Fakta Baru, Pengakuan Paman Aisyah di Temanggung Bikin Geleng-geleng

Rumah orangtua Aisyah di Dusun Dusun Paponan, Desa Bejen, Kecamatan Bajen, Temanggung, Jawa Tengah yang menjadi TKP. Foto Radar Semarang
Rumah orangtua Aisyah di Dusun Dusun Paponan, Desa Bejen, Kecamatan Bajen, Temanggung, Jawa Tengah yang menjadi TKP. Foto Radar Semarang

POJOKSATU.id, TEMANGGUNG – Fakta baru penemuan jasad Aisyah di Temanggung, Jawa Tengah, diungkap oleh keluarga.


Keluarga benar-benar tak menyangka bahwa Aisyah meninggal dengan cara yang tragis dan mengenaskan.

Bocah perempuan berusia tujuh tahun itu, ditemukan sudah tak bernyawa dalam kondisi tinggal kerangka dan kulit.

Aisyah ditemukan di atas kasur di sebuah kamar di rumah orangtuanya, di Dusun Paponan, Desa Bejen, Kecamatan Bejen, Kabupaten Temanggung.


Diduga, kematian Aisyah itu sengaja ditutup-tutupi oleh orangtuanya, Marsidi (42) dan Suwarthinah (38).

Sebab, bocah malang itu diduga sudah meninggal sejak empat bulan lalu.

BACA: Kronologis Penemuan Jasad Aisyah di Temanggung, Pesan Dukunnya Habis Ruqyiah Nanti akan Bangun Sendiri

Maryanto, adik Marsidi menyatakan, kakaknya sejak empat bulan terakhir selalu menutup-nutupi keberadaan Aisyah.

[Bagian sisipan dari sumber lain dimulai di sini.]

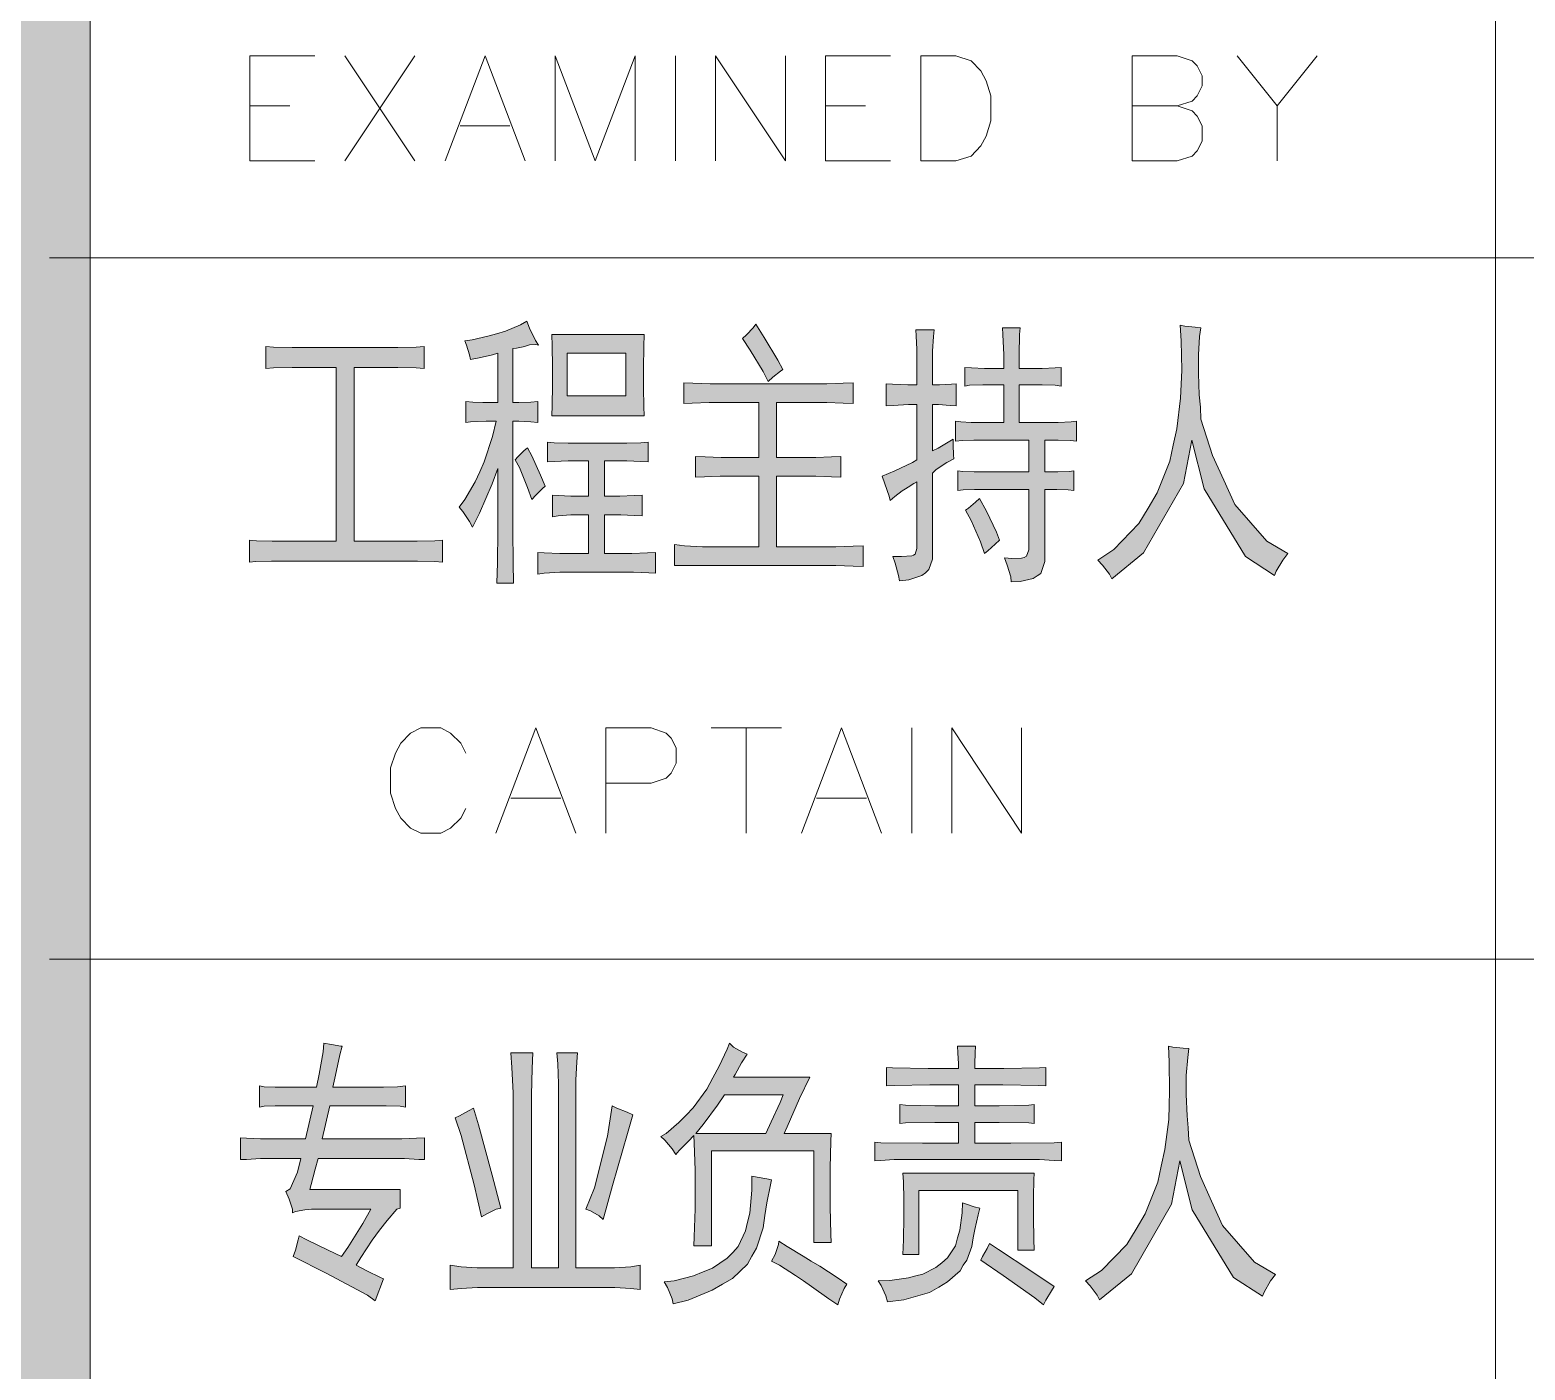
# Model space of a CAD drawing. Header units: millimetres. Extents: x 261 to 114907, y 32 to 1998430.
# Drawn here: x 107676 to 109511, y 1944194 to 1945839 of the extents above; entities that cross this region are included whole.
import ezdxf

# ---------------------------------------------------------------- set-up
doc = ezdxf.new("R2010")
doc.units = ezdxf.units.MM

msp = doc.modelspace()

# ---------------------------------------------------------------- hatches: boundary and pattern name
h = msp.add_hatch(color=0)
h.dxf.hatch_style = 2
h.paths.add_polyline_path([(107750.2, 1928333.3), (107650.3, 1928333.3), (107650.3, 1997229.2), (107750.2, 1997229.2)])
h = msp.add_hatch(color=0)
h.dxf.hatch_style = 2
h.paths.add_polyline_path([(108210, 1945457.5), (108218.7, 1945458.8), (108238, 1945463.1), (108248.8, 1945466.1), (108259.6, 1945469.2), (108278.1, 1945476.9), (108285.9, 1945481.7), (108289.3, 1945473), (108296.6, 1945458), (108300.1, 1945451.9), (108296.6, 1945452.8), (108289.3, 1945452.3), (108285.4, 1945451.1), (108281.6, 1945450.2), (108273.4, 1945448.5), (108268.6, 1945448), (108268.6, 1945381.7), (108276, 1945381.7), (108291, 1945382.1), (108299.2, 1945383), (108299.2, 1945357.1), (108291, 1945358), (108276, 1945358.8), (108268.6, 1945358.8), (108268.6, 1945239.9), (108268.6, 1945224.8), (108269.1, 1945184.8), (108269.5, 1945159.8), (108249.2, 1945159.8), (108250.1, 1945184.8), (108250.5, 1945224), (108250.5, 1945238.2), (108250.5, 1945300.7), (108243.2, 1945281.7), (108227.7, 1945245.9), (108219.1, 1945228.7), (108215.6, 1945235.6), (108207.4, 1945247.7), (108202.7, 1945253.3), (108210, 1945262.7), (108222.5, 1945284.3), (108228.1, 1945296.4), (108233.7, 1945308.9), (108243.6, 1945339.9), (108248.4, 1945358.8), (108235.9, 1945358.8), (108216.9, 1945358), (108210.9, 1945357.1), (108210.9, 1945383), (108219.5, 1945382.1), (108232, 1945381.7), (108236.3, 1945381.7), (108250.5, 1945381.7), (108250.5, 1945442.4), (108243.6, 1945440.3), (108227.3, 1945436.4), (108216.9, 1945434.3), (108215.6, 1945440.3), (108211.8, 1945451.9)])
h = msp.add_hatch(color=0)
h.paths.add_polyline_path([(108429.8, 1945465.3), (108429.4, 1945450.6), (108428.9, 1945423.5), (108428.9, 1945411.4), (108428.9, 1945399.8), (108429.4, 1945376.9), (108429.8, 1945365.3), (108316.5, 1945365.3), (108316.9, 1945378.2), (108317.3, 1945402.8), (108317.3, 1945414), (108317.3, 1945425.6), (108316.9, 1945451.1), (108316.5, 1945465.3)])
h.paths.add_polyline_path([(108407.4, 1945389.9), (108407.4, 1945442.4), (108335.4, 1945442.4), (108335.4, 1945389.9)])
h = msp.add_hatch(color=0)
h.dxf.hatch_style = 2
h.paths.add_polyline_path([(108581.9, 1945407.5), (108575.9, 1945419.6), (108559.9, 1945445.9), (108550.5, 1945460.1), (108555.6, 1945464.8), (108563.8, 1945473.5), (108566.8, 1945477.8), (108577.2, 1945461.4), (108594, 1945433.8), (108600, 1945422.2), (108597, 1945420), (108587.9, 1945412.7)])
h = msp.add_hatch(color=0)
h.dxf.hatch_style = 2
h.paths.add_polyline_path([(108764.6, 1945437.3), (108764.6, 1945446.7), (108763.8, 1945463.6), (108763.3, 1945470.9), (108785.7, 1945470.9), (108784.9, 1945462.7), (108783.6, 1945444.6), (108783.6, 1945434.3), (108783.6, 1945403.2), (108792.2, 1945403.2), (108806.9, 1945404.1), (108812.9, 1945404.5), (108812.9, 1945377.8), (108805.6, 1945378.2), (108790.9, 1945379.1), (108783.6, 1945379.1), (108783.6, 1945322.2), (108790.5, 1945325.7), (108803, 1945333), (108809, 1945336.9), (108809, 1945329.5), (108809.4, 1945317.5), (108809.9, 1945312.7), (108801.3, 1945308), (108788.3, 1945299.4), (108783.6, 1945295.1), (108783.6, 1945199), (108783.6, 1945189.5), (108779.3, 1945176.6), (108775, 1945172.7), (108770.7, 1945169.2), (108754.7, 1945164.1), (108743.1, 1945162.8), (108742.2, 1945169.2), (108737.9, 1945184.3), (108734.9, 1945192.5), (108745.7, 1945192.5), (108758.2, 1945193.4), (108760.3, 1945194.2), (108762.5, 1945195.5), (108764.6, 1945202.4), (108764.6, 1945208.5), (108764.6, 1945284.3), (108760.7, 1945282.1), (108753.9, 1945277.8), (108750.4, 1945275.7), (108746.5, 1945273.1), (108737.5, 1945266.2), (108731.9, 1945261.5), (108730.6, 1945266.6), (108725.4, 1945281.7), (108722, 1945291.2), (108737.5, 1945297.7), (108759, 1945308), (108764.6, 1945311.4), (108764.6, 1945379.1), (108754.3, 1945379.1), (108735.3, 1945378.2), (108726.7, 1945377.8), (108726.7, 1945404.5), (108734.5, 1945404.1), (108753.4, 1945403.2), (108764.6, 1945403.2)])
h = msp.add_hatch(color=0)
h.dxf.hatch_style = 2
h.paths.add_polyline_path([(108871.1, 1945357.1), (108871.1, 1945403.2), (108855.5, 1945403.2), (108845.6, 1945403.2), (108829.3, 1945402.8), (108823.2, 1945401.9), (108823.2, 1945424.8), (108831.4, 1945424.3), (108847.4, 1945423.5), (108855.5, 1945423.5), (108871.1, 1945423.5), (108871.1, 1945440.3), (108870.2, 1945465.3), (108869.8, 1945473.5), (108891.3, 1945473.5), (108890.5, 1945465.3), (108890, 1945440.3), (108890, 1945423.5), (108910.3, 1945423.5), (108918.5, 1945423.5), (108934.4, 1945424.3), (108941.7, 1945424.8), (108941.7, 1945401.9), (108934.4, 1945402.8), (108918.5, 1945403.2), (108910.3, 1945403.2), (108890, 1945403.2), (108890, 1945357.1), (108927.5, 1945357.1), (108937.9, 1945357.1), (108953.8, 1945358), (108960.3, 1945358.8), (108960.3, 1945334.3), (108952.9, 1945335.1), (108937.9, 1945335.6), (108929.7, 1945335.6), (108921.5, 1945335.6), (108921.5, 1945296.4), (108928.8, 1945296.4), (108937.4, 1945296.4), (108951.6, 1945297.2), (108957.2, 1945297.7), (108957.2, 1945273.5), (108950.4, 1945274.4), (108936.1, 1945274.8), (108928.8, 1945274.8), (108921.5, 1945274.8), (108921.5, 1945197.7), (108921.5, 1945186.5), (108916.7, 1945171.8), (108912, 1945168.8), (108907.3, 1945165.8), (108891.3, 1945161.9), (108880.1, 1945161.5), (108879.7, 1945167.5), (108875.4, 1945182.2), (108871.9, 1945191.2), (108881, 1945190.4), (108893, 1945190.8), (108896.1, 1945191.6), (108899.1, 1945192.9), (108902.1, 1945200.7), (108902.1, 1945207.2), (108902.1, 1945274.8), (108842.6, 1945274.8), (108835.3, 1945274.8), (108821.5, 1945274.4), (108815, 1945273.5), (108815, 1945297.7), (108821.1, 1945297.2), (108834.9, 1945296.4), (108842.6, 1945296.4), (108902.1, 1945296.4), (108902.1, 1945335.6), (108839.6, 1945335.6), (108834.4, 1945335.6), (108820.6, 1945335.1), (108812, 1945334.3), (108812, 1945358.8), (108818.5, 1945358), (108831, 1945357.1), (108836.6, 1945357.1)])
h = msp.add_hatch(color=0)
h.dxf.hatch_style = 2
h.paths.add_polyline_path([(108986.5, 1945188.2), (109006.4, 1945201.1), (109037, 1945233), (109048.2, 1945252), (109059.4, 1945270.9), (109074.9, 1945309.7), (109079.2, 1945329.5), (109083.5, 1945349.4), (109088.2, 1945386.9), (109088.7, 1945404.1), (109089.5, 1945421.3), (109088.7, 1945457.5), (109087.8, 1945476.5), (109093.4, 1945475.6), (109105.9, 1945474.3), (109113.2, 1945473.5), (109111.5, 1945462.7), (109110.2, 1945440.3), (109110.2, 1945429.1), (109110.2, 1945417.4), (109111.1, 1945391.2), (109112.4, 1945376.1), (109113.2, 1945361.4), (109127.5, 1945316.6), (109141.2, 1945286.4), (109154.6, 1945256.3), (109193.8, 1945211.5), (109219.7, 1945196.4), (109213.6, 1945188.2), (109205.5, 1945174.8), (109203.3, 1945169.2), (109168, 1945192.5), (109117.1, 1945275.7), (109102, 1945335.6), (109091.7, 1945282.1), (109042.6, 1945197.2), (109003.8, 1945165.4), (109000.8, 1945171), (108992.2, 1945182.2)])
h = msp.add_hatch(color=0)
h.dxf.hatch_style = 2
h.paths.add_polyline_path([(108115.7, 1945449.3), (108127.7, 1945449.3), (108150.1, 1945449.8), (108160, 1945450.6), (108160, 1945423.5), (108150.1, 1945424.3), (108127.7, 1945424.8), (108115.7, 1945424.8), (108073.9, 1945424.8), (108073.9, 1945211.5), (108139.8, 1945211.5), (108151.4, 1945211.5), (108173, 1945211.9), (108182.5, 1945212.8), (108182.5, 1945185.6), (108173, 1945186.5), (108151.9, 1945186.9), (108141.1, 1945186.9), (107983.8, 1945186.9), (107972.6, 1945186.9), (107953.2, 1945186.5), (107945.5, 1945185.6), (107945.5, 1945212.8), (107954.1, 1945211.9), (107973.5, 1945211.5), (107984.7, 1945211.5), (108051.9, 1945211.5), (108051.9, 1945424.8), (108011, 1945424.8), (107998, 1945424.8), (107975.2, 1945424.3), (107965.7, 1945423.5), (107965.7, 1945450.6), (107975.2, 1945449.8), (107998, 1945449.3), (108011, 1945449.3)])
h = msp.add_hatch(color=0)
h.dxf.hatch_style = 2
h.paths.add_polyline_path([(108645.7, 1945404.5), (108653.9, 1945404.5), (108674.1, 1945405.4), (108686.2, 1945405.8), (108686.2, 1945380.4), (108674.1, 1945380.8), (108653.9, 1945381.7), (108645.7, 1945381.7), (108592.3, 1945381.7), (108592.3, 1945314), (108632.8, 1945314), (108640.5, 1945314), (108659.9, 1945314.9), (108671.1, 1945315.3), (108671.1, 1945289.9), (108659.9, 1945290.3), (108640.5, 1945291.2), (108632.8, 1945291.2), (108592.3, 1945291.2), (108592.3, 1945204.6), (108656, 1945204.6), (108665.1, 1945204.6), (108686.2, 1945205.4), (108698.7, 1945205.9), (108698.7, 1945180.4), (108686.2, 1945180.9), (108665.1, 1945181.7), (108656, 1945181.7), (108467.3, 1945181.7), (108467.3, 1945207.2), (108479.4, 1945205.9), (108501.3, 1945204.6), (108510.8, 1945204.6), (108570.7, 1945204.6), (108570.7, 1945291.2), (108531.1, 1945291.2), (108523.3, 1945291.2), (108503.9, 1945290.3), (108492.7, 1945289.9), (108492.7, 1945315.3), (108504.8, 1945314.9), (108524.2, 1945314), (108531.1, 1945314), (108570.7, 1945314), (108570.7, 1945381.7), (108520.3, 1945381.7), (108509.5, 1945381.7), (108488.8, 1945380.8), (108478.5, 1945380.4), (108478.5, 1945405.8), (108489.7, 1945405.4), (108510.8, 1945404.5), (108521.2, 1945404.5)])
h = msp.add_hatch(color=0)
h.dxf.hatch_style = 2
h.paths.add_polyline_path([(108286.7, 1945326.1), (108291.9, 1945316.2), (108302.7, 1945292.5), (108308.3, 1945279.1), (108305.3, 1945276.1), (108297.1, 1945267.9), (108291.9, 1945262.7), (108286.7, 1945277.4), (108276.8, 1945302), (108271.7, 1945311.4), (108274.7, 1945314.9), (108282.4, 1945322.2)])
h = msp.add_hatch(color=0)
h.dxf.hatch_style = 2
h.paths.add_polyline_path([(108400.5, 1945331.7), (108408.7, 1945331.7), (108425.9, 1945332.1), (108435, 1945333), (108435, 1945308.9), (108425.9, 1945309.3), (108408.7, 1945310.1), (108400.5, 1945310.1), (108381.1, 1945310.1), (108381.1, 1945266.6), (108392.3, 1945266.6), (108400.1, 1945266.6), (108417.7, 1945267.5), (108427.6, 1945267.9), (108427.6, 1945242.5), (108417.7, 1945242.9), (108401.4, 1945243.8), (108395.3, 1945243.8), (108381.1, 1945243.8), (108381.1, 1945196.4), (108405.7, 1945196.4), (108414.7, 1945196.4), (108434.1, 1945197.2), (108444, 1945197.7), (108444, 1945172.3), (108435.8, 1945172.7), (108416.9, 1945173.5), (108405.7, 1945173.5), (108337.6, 1945173.5), (108326.4, 1945173.5), (108307, 1945172.3), (108299.2, 1945171), (108299.2, 1945197.7), (108307, 1945197.2), (108326.4, 1945196.4), (108337.6, 1945196.4), (108361.7, 1945196.4), (108361.7, 1945243.8), (108347.9, 1945243.8), (108339.7, 1945243.8), (108324.2, 1945242.5), (108317.3, 1945241.2), (108317.3, 1945267.9), (108324.2, 1945267.5), (108339.7, 1945266.6), (108347.9, 1945266.6), (108361.7, 1945266.6), (108361.7, 1945310.1), (108345.8, 1945310.1), (108336.7, 1945310.1), (108319.5, 1945309.3), (108311.3, 1945308.9), (108311.3, 1945333), (108319.5, 1945332.1), (108336.7, 1945331.7), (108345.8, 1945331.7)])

Saat ia menayakan keberadaan keponakannya itu, Marsidi menyebut Aisyah berada di rumah kakeknya di Dusun Congkrang, Bejen.

“Dia (Marsidi) mengatakan Aisyah di rumah kakeknya dan tidak mau diajak pulang,” ungkapnya.

Awalnya, Maryanto mengaku sama sekali tak menaruh curiga kepada kakaknya itu.

Akan tetapi, alasan yang sama selalu dilontarkan Marsidi setiap kali ia menanyakan keberadaan keponakannya kembali.

“Lama-lama jadi curiga, tapi belum mikir sampai ke sana (Aisyah meninggal),” tuturnya.